I know you're supposed to leave them in the tank for the little guys to munch on for extra calcium..

but how long do I leave it in there? The fishes have been picking at it too.. i'm worried that if I leave it in there for too long it'll get nasty. :C

I got video of Tempura molting the other morning too!

Here you go:





Enjoy!


----------



## bottles151 (Apr 21, 2010)

Good video.
I never leave my crayfish shells in the tank longer than 24hrs. I have found them stuck under pieces of driftwood with a nasty jelly/film on them.


----------



## UnderseaGal (Mar 4, 2014)

Cool video!

I've wondered about the same thing not too long ago when I got my first Amano shrimp. I was told to leave it in, and it always disappears completely in the span of 2-3 days.


----------



## Scampi (Apr 21, 2014)

Yeah I've decided to leave it in a bit longer, it's nearly all disappeared.. I've been tracking where all the pieces go so I can fetch them out today at the very latest.
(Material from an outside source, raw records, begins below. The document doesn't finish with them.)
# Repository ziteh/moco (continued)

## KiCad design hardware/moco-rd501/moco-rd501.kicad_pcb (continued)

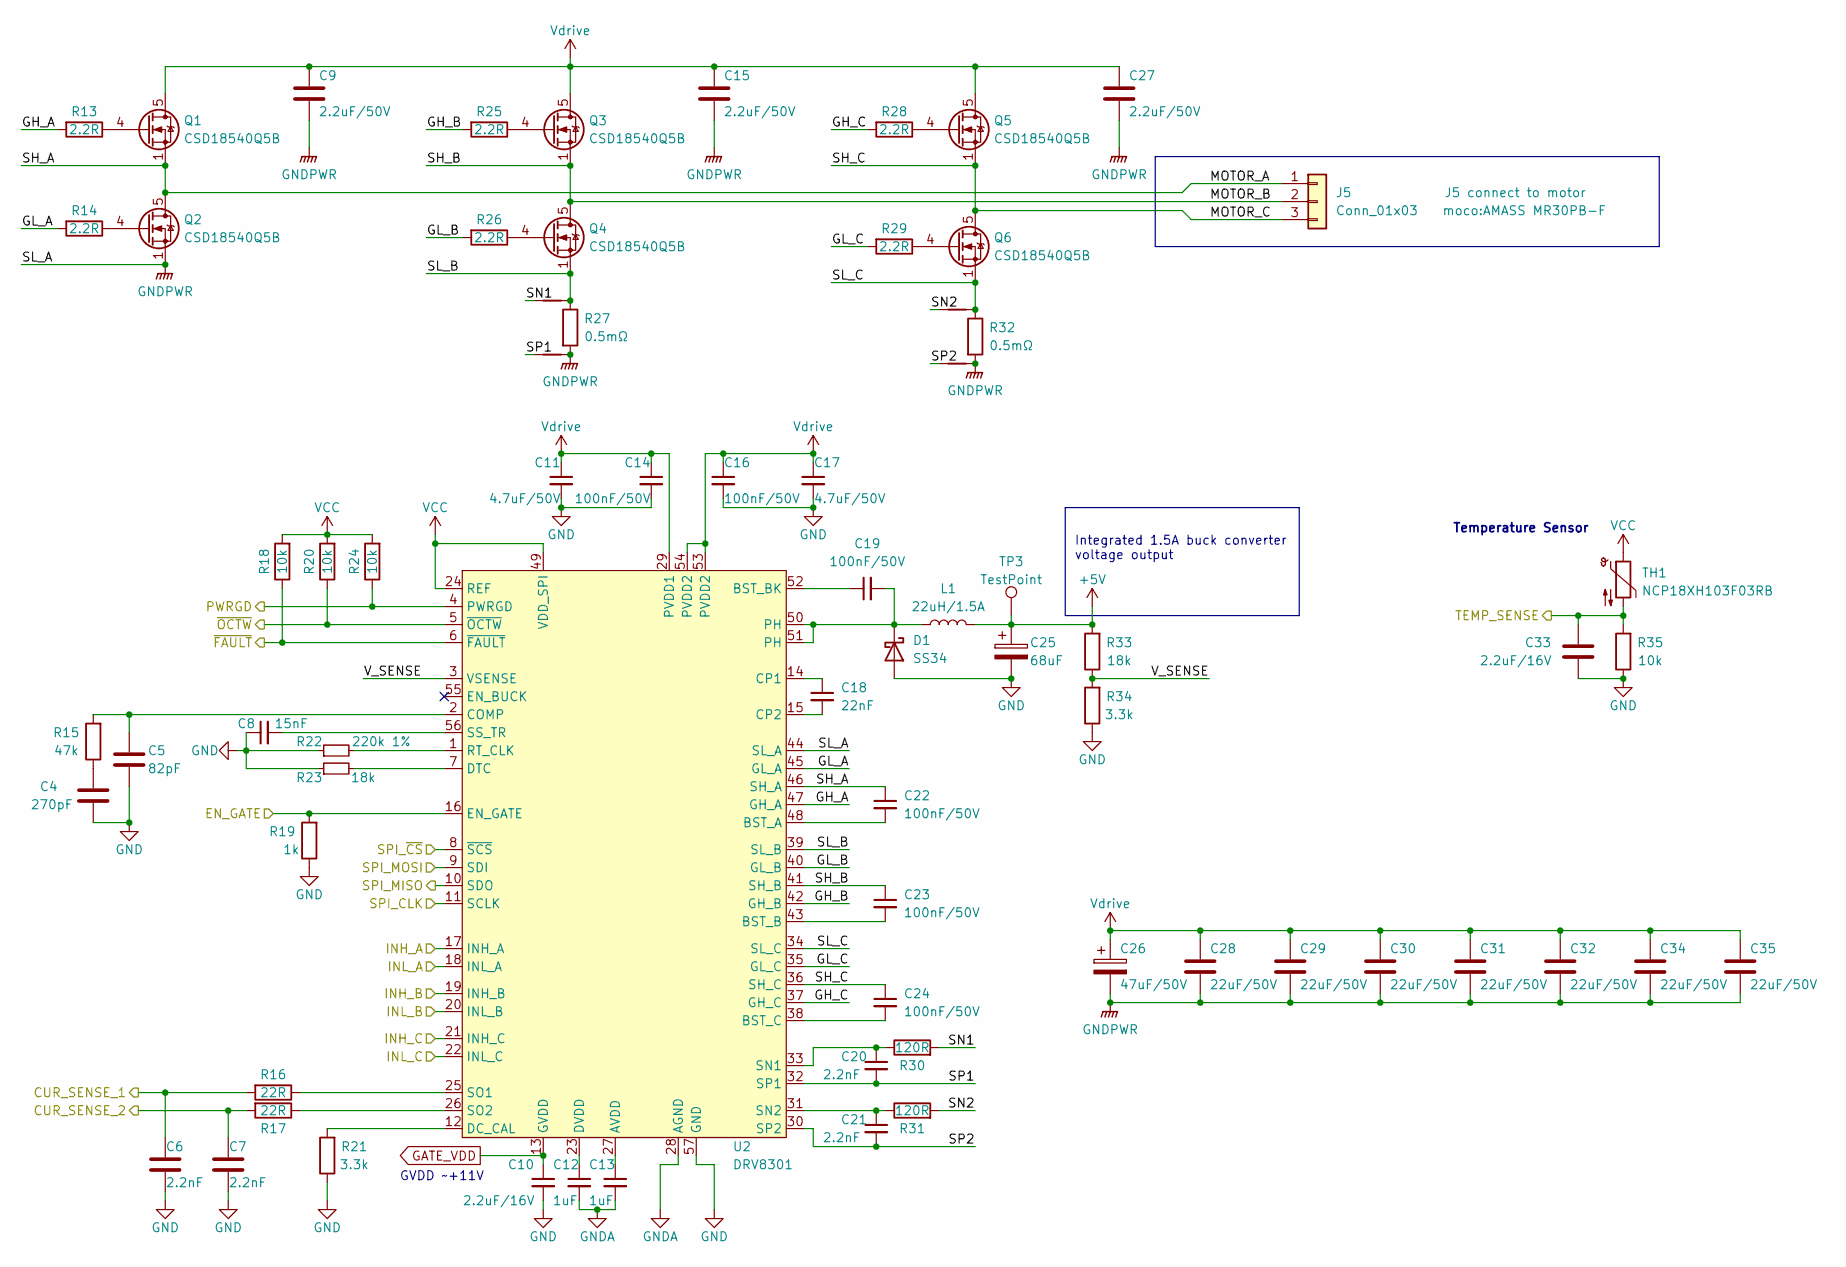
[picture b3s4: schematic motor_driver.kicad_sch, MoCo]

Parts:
C4: 270pF; C_0402_1005Metric; MFR.Part # GCM1555C1H271JA16D; JLCPCB Part # C524551
C5: 82pF; C_0402_1005Metric; MFR.Part # CC0402JRNPO9BN820; JLCPCB Part # C107011
C6, C7, C20, C21: 2.2nF; C_0603_1608Metric; MFR.Part # 0603B222K500NT; JLCPCB Part # C1604
C8: 15nF; C_0402_1005Metric; MFR.Part # CC0402KRX7R9BB153; JLCPCB Part # C114405
C9, C15, C27: 2.2uF/50V; C_1206_3216Metric; MFR.Part # CL31B225KBHNNNE; JLCPCB Part # C50254
C10, C33: 2.2uF/16V; C_0402_1005Metric; MFR.Part # 0402X225K160NT; JLCPCB Part # C501836
C11, C17: 4.7uF/50V; C_1206_3216Metric; MFR.Part # 1206B475K500NT; JLCPCB Part # C29823
C12, C13: 1uF; C_0402_1005Metric; MFR.Part # CL05A105KA5NQNC; JLCPCB Part # C52923
C14, C16, C19, C22, C23, C24: 100nF/50V; C_0603_1608Metric; MFR.Part # CC0603KRX7R9BB104; JLCPCB Part # C14663
C18: 22nF; C_0402_1005Metric; MFR.Part # 0402B223K500NT; JLCPCB Part # C1532
C25: 68uF; CP_EIA-6032-28_Kemet-C; MFR.Part # TAJC686K016RNJ; JLCPCB Part # C7220
C26: 47uF/50V; CP_Elec_6.3x7.7; MFR.Part # VES470M1HTR-0607; JLCPCB Part # C108053
C28, C29, C30, C31, C32, C34, C35: 22uF/50V; C_1210_3225Metric_Pad1.33x2.70mm_HandSolder
D1: SS34; D_SMA; MFR.Part # SS34; JLCPCB Part # C8678
J5: Conn_01x03; AMASS MR30PB-F; MFR.Part # MR30PB-F
L1: 22uH/1.5A; L_Bourns-SRN8040_8x8.15mm; MFR.Part # CKCS8040-22uH/M; JLCPCB Part # C354640
NT1, NT2, NT3, NT4: NetTie_2; NetTie-2_SMD_Pad0.5mm
Q1, Q2, Q3, Q4, Q5, Q6: CSD18540Q5B; TDSON-8-1; MFR.Part # CSD18540Q5B; JLCPCB Part # C86513
R13, R14, R25, R26, R28, R29: 2.2R; R_0603_1608Metric; MFR.Part # 0603WAF220KT5E; JLCPCB Part # C22939
R15: 47k; R_0402_1005Metric; MFR.Part # 0402WGF4702TCE; JLCPCB Part # C25792
R16, R17: 22R; R_0402_1005Metric; MFR.Part # 0402WGF220JTCE; JLCPCB Part # C25092
R18, R20, R24, R35: 10k; R_0402_1005Metric; MFR.Part # 0402WGF1002TCE; JLCPCB Part # C25744
R19: 1k; R_0402_1005Metric; MFR.Part # 0402WGF1001TCE; JLCPCB Part # C11702
R21, R34: 3.3k; R_0402_1005Metric; MFR.Part # 0402WGF3301TCE; JLCPCB Part # C25890
R22: 220k 1%; R_0402_1005Metric; MFR.Part # 0402WGF2203TCE; JLCPCB Part # C25767
R23, R33: 18k; R_0402_1005Metric; MFR.Part # 0402WGF1802TCE; JLCPCB Part # C25762
R27, R32: 0.5mΩ; R_2512_6332Metric; MFR.Part # ASR-M-3-0.5F; JLCPCB Part # C469426
R30, R31: 120R; R_0402_1005Metric; MFR.Part # 0402WGF1200TCE; JLCPCB Part # C25079
TH1: NCP18XH103F03RB; R_0603_1608Metric; MFR.Part # NCP18XH103F03RB; JLCPCB Part # C13564
TP3: TestPoint; TestPoint_Pad_D2.0mm
U2: DRV8301; HTSSOP-56-1EP_6.1x14mm_P0.5mm_EP3.61x6.35mm; MFR.Part # DRV8301DCAR; JLCPCB Part # C98969

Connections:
+5V: C25.1, L1.2, R33.2, TP3.1; also elsewhere on the board
/EN_GATE: R19.2, U2.16 (EN_GATE); also elsewhere on the board
/MCU/CURR_SENSE_1: C6.1, R16.2; also elsewhere on the board
/MCU/CURR_SENSE_2: C7.1, R17.2; also elsewhere on the board
/MCU/PWM_AH: U2.17 (INH_A); also elsewhere on the board
/MCU/PWM_AL: U2.18 (INL_A); also elsewhere on the board
/MCU/PWM_BH: U2.19 (INH_B); also elsewhere on the board
/MCU/PWM_BL: U2.20 (INL_B); also elsewhere on the board
/MCU/PWM_CH: U2.21 (INH_C); also elsewhere on the board
/MCU/PWM_CL: U2.22 (INL_C); also elsewhere on the board
/MCU/TEMP_SENSE: C33.1, R35.2, TH1.2; also elsewhere on the board
/Motor Driver/GH_A: R13.2, U2.47 (GH_A)
/Motor Driver/GH_B: R25.2, U2.42 (GH_B)
/Motor Driver/GH_C: R28.2, U2.37 (GH_C)
/Motor Driver/GL_A: R14.2, U2.45 (GL_A)
/Motor Driver/GL_B: R26.2, U2.40 (GL_B)
/Motor Driver/GL_C: R29.2, U2.35 (GL_C)
/Motor Driver/MOTOR_A: C22.1, J5.1, Q1.1 (S), Q1.2 (S), Q1.3 (S), Q2.5 (D), U2.46 (SH_A)
/Motor Driver/MOTOR_B: C23.1, J5.2, Q3.1 (S), Q3.2 (S), Q3.3 (S), Q4.5 (D), U2.41 (SH_B)
/Motor Driver/MOTOR_C: C24.1, J5.3, Q5.1 (S), Q5.2 (S), Q5.3 (S), Q6.5 (D), U2.36 (SH_C)
/Motor Driver/PWRGD: R24.1, U2.4 (PWRGD)
/Motor Driver/SL_B: NT1.2, Q4.1 (S), Q4.2 (S), Q4.3 (S), R27.1, U2.39 (SL_B)
/Motor Driver/SL_C: NT3.2, Q6.1 (S), Q6.2 (S), Q6.3 (S), R32.1, U2.34 (SL_C)
/Motor Driver/SN1: NT1.1, R30.2
/Motor Driver/SN2: NT3.1, R31.2
/Motor Driver/SP1: C20.2, NT2.1, U2.32 (SP1)
/Motor Driver/SP2: C21.2, NT4.1, U2.30 (SP2)
/Motor Driver/V_SENSE: R33.1, R34.2, U2.3 (VSENSE)
/Motor Driver/~OCTW: R20.1, U2.5 (~OCTW)
/SPI_CLK: U2.11 (SCLK); also elsewhere on the board
/SPI_DRIVER_~CS: U2.8 (~SCS); also elsewhere on the board
/SPI_MISO: U2.10 (SDO); also elsewhere on the board
/SPI_MOSI: U2.9 (SDI); also elsewhere on the board
/~FAULT: R18.1, U2.6 (~FAULT); also elsewhere on the board
GATE_VDD: C10.1, U2.13 (GVDD)
GND: C4.2, C5.2, C6.2, C7.2, C8.1, C9.2, C10.2, C11.2, C12.2, C13.2, C14.2, C15.2, C16.2, C17.2, C25.2, C26.2, C27.2, C28.2, C29.2, C30.2, C31.2, C32.2, C33.2, C34.2, C35.2, D1.2 (A), NT2.2, NT4.2, Q2.1 (S), Q2.2 (S), Q2.3 (S), R19.1, R21.1, R22.1, R23.1, R27.2, R32.2, R34.1, R35.1, U2.28 (AGND), U2.44 (SL_A), U2.57 (GND); also elsewhere on the board
unnamed: C4.1, R15.1
unnamed: C5.1, R15.2, U2.2 (COMP)
unnamed: C8.2, U2.56 (SS_TR)
unnamed: C12.1, U2.23 (DVDD)
unnamed: C13.1, U2.27 (AVDD)
unnamed: C18.1, U2.14 (CP1)
unnamed: C18.2, U2.15 (CP2)
unnamed: C19.1, U2.52 (BST_BK)
unnamed: C19.2, D1.1 (K), L1.1, U2.50 (PH), U2.51 (PH)
unnamed: C20.1, R30.1, U2.33 (SN1)
unnamed: C21.1, R31.1, U2.31 (SN2)
unnamed: C22.2, U2.48 (BST_A)
unnamed: C23.2, U2.43 (BST_B)
unnamed: C24.2, U2.38 (BST_C)
unnamed: Q1.4 (G), R13.1
unnamed: Q2.4 (G), R14.1
unnamed: Q3.4 (G), R25.1
unnamed: Q4.4 (G), R26.1
unnamed: Q5.4 (G), R28.1
unnamed: Q6.4 (G), R29.1
unnamed: R16.1, U2.25 (SO1)
unnamed: R17.1, U2.26 (SO2)
unnamed: R21.2, U2.12 (DC_CAL)
unnamed: R22.2, U2.1 (RT_CLK)
unnamed: R23.2, U2.7 (DTC)
VCC: R18.2, R20.2, R24.2, TH1.1, U2.24 (REF), U2.49 (VDD_SPI); also elsewhere on the board
Vdrive: C9.1, C11.1, C14.1, C15.1, C16.1, C17.1, C26.1, C27.1, C28.1, C29.1, C30.1, C31.1, C32.1, C34.1, C35.1, Q1.5 (D), Q3.5 (D), Q5.5 (D), U2.29 (PVDD1), U2.53 (PVDD2), U2.54 (PVDD2); also elsewhere on the board

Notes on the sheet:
Integrated 1.5A buck converter voltage output
Temperature Sensor
GVDD ~+11V

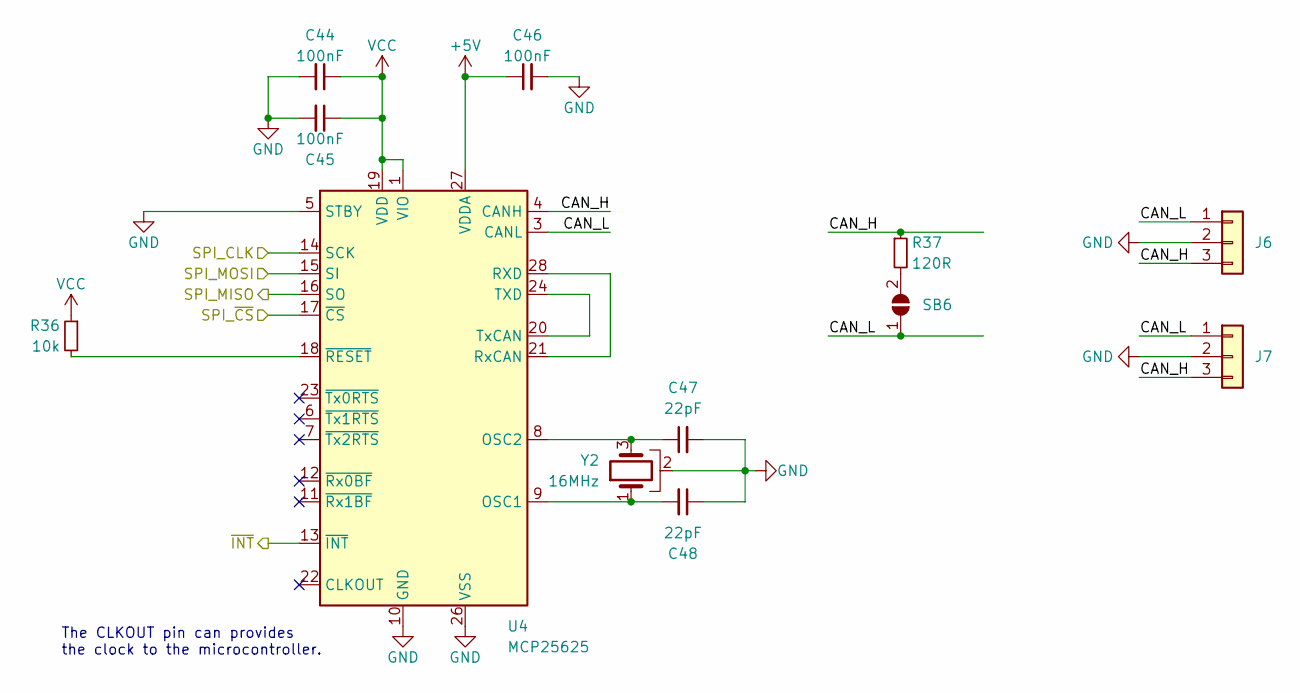
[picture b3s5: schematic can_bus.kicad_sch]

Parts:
C44, C45, C46: 100nF; C_0402_1005Metric; MFR.Part # CL05B104KO5NNNC; JLCPCB Part # C1525
C47, C48: 22pF; C_0402_1005Metric; MFR.Part # 0402CG220J500NT; JLCPCB Part # C1555
J6, J7: Conn_02x02_Top_Bottom; JST_GH_SM03B-GHS-TB_1x03-1MP_P1.25mm_Horizontal; MFR.Part # GH1.25-3PWBPZ; JLCPCB Part # C2829252
R36: 10k; R_0402_1005Metric; MFR.Part # 0402WGF1002TCE; JLCPCB Part # C25744
R37: 120R; R_0402_1005Metric; MFR.Part # 0402WGF1200TCE; JLCPCB Part # C25079
SB6: SolderJumper_2_Open; SolderJumper-2_P1.3mm_Open_TrianglePad1.0x1.5mm
U4: MCP25625; QFN-28-1EP_6x6mm_P0.65mm_EP4.25x4.25mm; MFR.Part # MCP25625T-E/ML; JLCPCB Part # C191253
Y2: 16MHz; Crystal_SMD_3225-4Pin_3.2x2.5mm; MFR.Part # X322516MLB4SI; JLCPCB Part # C13738

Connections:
+5V: C46.1, U4.27 (VDDA); also elsewhere on the board
/CAN BUS/CAN_H: J6.3, J7.3, R37.1, U4.4 (CANH)
/CAN BUS/CAN_L: J6.1, J7.1, SB6.1 (A), U4.3 (CANL)
/CAN BUS/~INT: U4.13 (~INT); also elsewhere on the board
/SPI_CAN_~CS: U4.17 (~CS); also elsewhere on the board
/SPI_CLK: U4.14 (SCK); also elsewhere on the board
/SPI_MISO: U4.16 (SO); also elsewhere on the board
/SPI_MOSI: U4.15 (SI); also elsewhere on the board
GND: C44.2, C45.2, C46.2, C47.2, C48.1, J6.2, J7.2, U4.5 (STBY), U4.10 (GND), U4.26 (VSS), Y2.2; also elsewhere on the board
unnamed: C47.1, U4.8 (OSC2), Y2.3
unnamed: C48.2, U4.9 (OSC1), Y2.1
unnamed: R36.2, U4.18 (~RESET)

C:


----------



## shaobo (Apr 21, 2010)

Moved toCrustaceans/Inverts/Mollusks section!


----------



## HashAsh (May 13, 2014)

I usually just leave it until my shrimps eat it. If you're worried about water going bad, then you can take it out once it molts and give them calcium. In japan, we give shrimps organic ORGANIC spinach for some extra source of calcium. Or you could always give them cuttlebone or crushed egg shell, but it might be a little harder for them to eat. 
Spinach MUST BE ORGANIC. like no pesticide 

Hope that helped!


----------